Extracted data

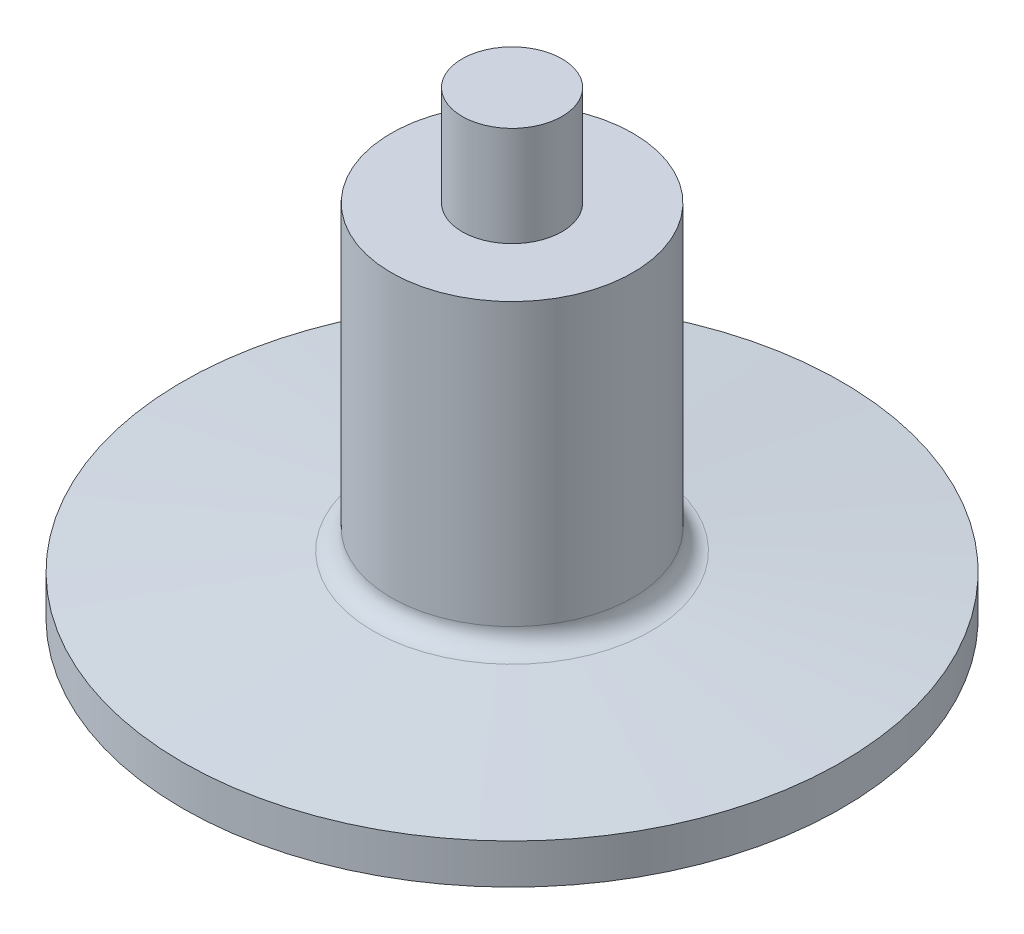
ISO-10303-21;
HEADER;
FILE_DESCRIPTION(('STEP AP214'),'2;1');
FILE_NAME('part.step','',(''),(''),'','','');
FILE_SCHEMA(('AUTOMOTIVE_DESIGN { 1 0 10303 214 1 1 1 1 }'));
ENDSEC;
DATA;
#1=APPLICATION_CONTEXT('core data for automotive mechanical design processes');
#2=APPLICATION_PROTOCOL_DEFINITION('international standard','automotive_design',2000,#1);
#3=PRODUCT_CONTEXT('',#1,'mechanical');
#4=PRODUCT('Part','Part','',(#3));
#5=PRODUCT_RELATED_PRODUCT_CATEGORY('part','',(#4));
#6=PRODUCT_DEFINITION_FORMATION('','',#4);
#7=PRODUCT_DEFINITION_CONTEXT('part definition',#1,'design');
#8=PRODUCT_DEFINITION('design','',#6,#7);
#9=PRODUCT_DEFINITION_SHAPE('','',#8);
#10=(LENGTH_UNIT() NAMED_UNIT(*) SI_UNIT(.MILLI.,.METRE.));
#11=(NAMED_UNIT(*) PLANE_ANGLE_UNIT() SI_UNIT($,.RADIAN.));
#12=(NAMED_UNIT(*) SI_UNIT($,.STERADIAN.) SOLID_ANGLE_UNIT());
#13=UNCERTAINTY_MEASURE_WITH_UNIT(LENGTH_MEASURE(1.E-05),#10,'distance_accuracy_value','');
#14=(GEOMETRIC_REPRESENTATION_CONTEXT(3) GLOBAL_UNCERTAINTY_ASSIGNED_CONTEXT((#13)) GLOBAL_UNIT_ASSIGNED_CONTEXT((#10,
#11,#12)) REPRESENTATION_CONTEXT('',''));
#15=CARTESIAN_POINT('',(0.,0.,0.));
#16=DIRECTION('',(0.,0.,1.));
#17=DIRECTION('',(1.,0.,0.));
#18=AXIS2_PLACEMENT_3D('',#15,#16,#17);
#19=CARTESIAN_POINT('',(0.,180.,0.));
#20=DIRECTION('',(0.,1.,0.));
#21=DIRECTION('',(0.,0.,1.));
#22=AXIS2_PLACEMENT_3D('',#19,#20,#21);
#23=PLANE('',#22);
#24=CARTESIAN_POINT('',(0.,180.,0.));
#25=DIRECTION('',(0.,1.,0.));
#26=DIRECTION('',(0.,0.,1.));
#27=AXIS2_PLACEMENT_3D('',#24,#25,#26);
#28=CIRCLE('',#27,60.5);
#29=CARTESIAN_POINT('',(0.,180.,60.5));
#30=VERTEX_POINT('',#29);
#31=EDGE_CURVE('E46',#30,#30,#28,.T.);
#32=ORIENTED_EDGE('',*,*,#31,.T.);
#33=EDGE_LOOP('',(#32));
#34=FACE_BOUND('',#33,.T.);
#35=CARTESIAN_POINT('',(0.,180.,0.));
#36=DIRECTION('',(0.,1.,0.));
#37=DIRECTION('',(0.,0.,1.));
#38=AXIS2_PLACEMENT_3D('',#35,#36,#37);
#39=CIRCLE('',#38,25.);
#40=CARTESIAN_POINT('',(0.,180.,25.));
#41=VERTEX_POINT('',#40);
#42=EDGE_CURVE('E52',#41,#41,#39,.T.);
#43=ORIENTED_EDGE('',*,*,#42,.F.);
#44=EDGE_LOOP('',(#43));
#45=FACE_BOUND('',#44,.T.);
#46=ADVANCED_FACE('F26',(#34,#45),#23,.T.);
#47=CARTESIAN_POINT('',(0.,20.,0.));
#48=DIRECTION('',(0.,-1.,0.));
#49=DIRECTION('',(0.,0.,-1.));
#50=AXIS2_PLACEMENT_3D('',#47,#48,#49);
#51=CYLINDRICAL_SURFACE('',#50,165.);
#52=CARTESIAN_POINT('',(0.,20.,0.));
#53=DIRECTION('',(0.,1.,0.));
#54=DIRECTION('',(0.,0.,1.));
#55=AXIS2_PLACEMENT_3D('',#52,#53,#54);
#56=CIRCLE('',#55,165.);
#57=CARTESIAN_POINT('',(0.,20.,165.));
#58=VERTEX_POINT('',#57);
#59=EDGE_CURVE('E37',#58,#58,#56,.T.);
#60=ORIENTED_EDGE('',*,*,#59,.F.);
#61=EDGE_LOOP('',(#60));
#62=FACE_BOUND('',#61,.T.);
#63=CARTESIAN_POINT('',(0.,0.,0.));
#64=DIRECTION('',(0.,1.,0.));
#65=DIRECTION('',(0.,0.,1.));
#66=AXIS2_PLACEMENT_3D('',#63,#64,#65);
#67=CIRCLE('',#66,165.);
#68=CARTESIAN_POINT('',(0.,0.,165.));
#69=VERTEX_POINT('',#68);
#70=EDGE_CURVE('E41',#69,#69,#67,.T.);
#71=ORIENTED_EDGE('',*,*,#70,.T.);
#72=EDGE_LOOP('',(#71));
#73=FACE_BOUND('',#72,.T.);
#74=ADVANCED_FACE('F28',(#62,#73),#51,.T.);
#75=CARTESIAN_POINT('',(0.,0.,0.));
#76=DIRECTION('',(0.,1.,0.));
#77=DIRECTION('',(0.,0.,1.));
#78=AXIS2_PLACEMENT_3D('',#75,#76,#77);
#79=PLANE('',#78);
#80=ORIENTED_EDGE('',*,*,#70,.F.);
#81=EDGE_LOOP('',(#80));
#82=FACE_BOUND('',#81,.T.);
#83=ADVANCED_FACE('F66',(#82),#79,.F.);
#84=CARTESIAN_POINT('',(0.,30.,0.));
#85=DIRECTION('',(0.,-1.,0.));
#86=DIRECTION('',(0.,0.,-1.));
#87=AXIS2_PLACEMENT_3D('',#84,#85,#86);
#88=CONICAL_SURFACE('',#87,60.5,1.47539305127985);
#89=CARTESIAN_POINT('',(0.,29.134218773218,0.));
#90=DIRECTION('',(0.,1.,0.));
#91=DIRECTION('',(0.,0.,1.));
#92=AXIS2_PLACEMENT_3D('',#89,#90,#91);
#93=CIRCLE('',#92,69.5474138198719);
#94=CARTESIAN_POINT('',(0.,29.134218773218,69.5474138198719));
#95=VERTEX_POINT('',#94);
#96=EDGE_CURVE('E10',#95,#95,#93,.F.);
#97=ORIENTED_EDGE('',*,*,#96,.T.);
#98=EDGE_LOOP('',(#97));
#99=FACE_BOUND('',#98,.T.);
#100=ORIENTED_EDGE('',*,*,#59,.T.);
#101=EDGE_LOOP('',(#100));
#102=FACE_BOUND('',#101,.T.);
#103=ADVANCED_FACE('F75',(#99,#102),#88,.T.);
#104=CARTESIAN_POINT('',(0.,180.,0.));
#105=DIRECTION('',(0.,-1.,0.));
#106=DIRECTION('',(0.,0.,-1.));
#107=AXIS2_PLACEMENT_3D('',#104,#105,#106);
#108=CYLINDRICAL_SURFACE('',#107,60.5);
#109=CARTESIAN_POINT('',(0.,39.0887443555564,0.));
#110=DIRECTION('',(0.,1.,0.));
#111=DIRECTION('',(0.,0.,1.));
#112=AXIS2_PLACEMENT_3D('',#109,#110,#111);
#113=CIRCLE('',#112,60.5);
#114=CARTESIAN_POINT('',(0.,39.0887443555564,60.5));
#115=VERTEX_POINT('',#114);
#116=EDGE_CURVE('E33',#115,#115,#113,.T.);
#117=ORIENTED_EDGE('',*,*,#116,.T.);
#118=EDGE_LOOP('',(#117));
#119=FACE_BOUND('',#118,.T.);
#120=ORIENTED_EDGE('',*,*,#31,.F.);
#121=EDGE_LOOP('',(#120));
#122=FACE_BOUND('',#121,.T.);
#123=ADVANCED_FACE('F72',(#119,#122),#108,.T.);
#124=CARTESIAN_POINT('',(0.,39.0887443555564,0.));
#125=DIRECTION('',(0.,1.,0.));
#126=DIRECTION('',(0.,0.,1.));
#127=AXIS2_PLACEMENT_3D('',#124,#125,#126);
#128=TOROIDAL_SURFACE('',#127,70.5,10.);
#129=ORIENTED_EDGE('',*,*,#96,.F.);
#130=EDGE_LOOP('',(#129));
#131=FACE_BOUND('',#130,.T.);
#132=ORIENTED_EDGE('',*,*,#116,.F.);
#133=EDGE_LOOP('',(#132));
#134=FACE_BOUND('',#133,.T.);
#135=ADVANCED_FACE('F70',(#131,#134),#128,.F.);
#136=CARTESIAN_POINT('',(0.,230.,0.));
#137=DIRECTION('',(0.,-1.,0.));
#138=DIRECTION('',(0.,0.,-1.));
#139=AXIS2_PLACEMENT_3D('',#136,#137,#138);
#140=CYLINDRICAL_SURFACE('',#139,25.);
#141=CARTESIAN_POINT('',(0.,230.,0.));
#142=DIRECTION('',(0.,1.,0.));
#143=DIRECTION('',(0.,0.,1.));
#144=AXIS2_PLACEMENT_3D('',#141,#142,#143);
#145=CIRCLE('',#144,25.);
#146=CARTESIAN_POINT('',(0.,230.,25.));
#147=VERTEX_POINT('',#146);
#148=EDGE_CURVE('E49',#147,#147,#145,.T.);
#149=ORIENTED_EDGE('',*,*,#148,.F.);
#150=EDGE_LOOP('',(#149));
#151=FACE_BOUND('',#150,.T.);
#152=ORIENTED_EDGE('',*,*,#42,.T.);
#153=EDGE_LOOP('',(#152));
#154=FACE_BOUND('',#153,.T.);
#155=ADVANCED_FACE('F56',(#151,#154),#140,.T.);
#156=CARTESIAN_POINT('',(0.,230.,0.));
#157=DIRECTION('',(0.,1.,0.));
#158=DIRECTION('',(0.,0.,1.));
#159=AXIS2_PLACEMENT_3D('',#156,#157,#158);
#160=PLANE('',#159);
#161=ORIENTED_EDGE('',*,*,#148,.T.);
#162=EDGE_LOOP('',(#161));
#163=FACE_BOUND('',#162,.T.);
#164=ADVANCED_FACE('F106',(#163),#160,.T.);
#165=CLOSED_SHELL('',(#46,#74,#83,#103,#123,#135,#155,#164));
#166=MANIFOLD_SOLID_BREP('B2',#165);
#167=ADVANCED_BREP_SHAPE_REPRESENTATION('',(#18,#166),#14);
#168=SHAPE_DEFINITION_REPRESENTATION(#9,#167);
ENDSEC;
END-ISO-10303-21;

Problem to solve
The response is to contain exactly the lines from the beginning of the data through the line containing "#30=VERTEX_POINT('',#29);", both ends included, and nothing else; omit the pictures.

Written solution
ISO-10303-21;
HEADER;
FILE_DESCRIPTION(('STEP AP214'),'2;1');
FILE_NAME('part.step','',(''),(''),'','','');
FILE_SCHEMA(('AUTOMOTIVE_DESIGN { 1 0 10303 214 1 1 1 1 }'));
ENDSEC;
DATA;
#1=APPLICATION_CONTEXT('core data for automotive mechanical design processes');
#2=APPLICATION_PROTOCOL_DEFINITION('international standard','automotive_design',2000,#1);
#3=PRODUCT_CONTEXT('',#1,'mechanical');
#4=PRODUCT('Part','Part','',(#3));
#5=PRODUCT_RELATED_PRODUCT_CATEGORY('part','',(#4));
#6=PRODUCT_DEFINITION_FORMATION('','',#4);
#7=PRODUCT_DEFINITION_CONTEXT('part definition',#1,'design');
#8=PRODUCT_DEFINITION('design','',#6,#7);
#9=PRODUCT_DEFINITION_SHAPE('','',#8);
#10=(LENGTH_UNIT() NAMED_UNIT(*) SI_UNIT(.MILLI.,.METRE.));
#11=(NAMED_UNIT(*) PLANE_ANGLE_UNIT() SI_UNIT($,.RADIAN.));
#12=(NAMED_UNIT(*) SI_UNIT($,.STERADIAN.) SOLID_ANGLE_UNIT());
#13=UNCERTAINTY_MEASURE_WITH_UNIT(LENGTH_MEASURE(1.E-05),#10,'distance_accuracy_value','');
#14=(GEOMETRIC_REPRESENTATION_CONTEXT(3) GLOBAL_UNCERTAINTY_ASSIGNED_CONTEXT((#13)) GLOBAL_UNIT_ASSIGNED_CONTEXT((#10,
#11,#12)) REPRESENTATION_CONTEXT('',''));
#15=CARTESIAN_POINT('',(0.,0.,0.));
#16=DIRECTION('',(0.,0.,1.));
#17=DIRECTION('',(1.,0.,0.));
#18=AXIS2_PLACEMENT_3D('',#15,#16,#17);
#19=CARTESIAN_POINT('',(0.,180.,0.));
#20=DIRECTION('',(0.,1.,0.));
#21=DIRECTION('',(0.,0.,1.));
#22=AXIS2_PLACEMENT_3D('',#19,#20,#21);
#23=PLANE('',#22);
#24=CARTESIAN_POINT('',(0.,180.,0.));
#25=DIRECTION('',(0.,1.,0.));
#26=DIRECTION('',(0.,0.,1.));
#27=AXIS2_PLACEMENT_3D('',#24,#25,#26);
#28=CIRCLE('',#27,60.5);
#29=CARTESIAN_POINT('',(0.,180.,60.5));
#30=VERTEX_POINT('',#29);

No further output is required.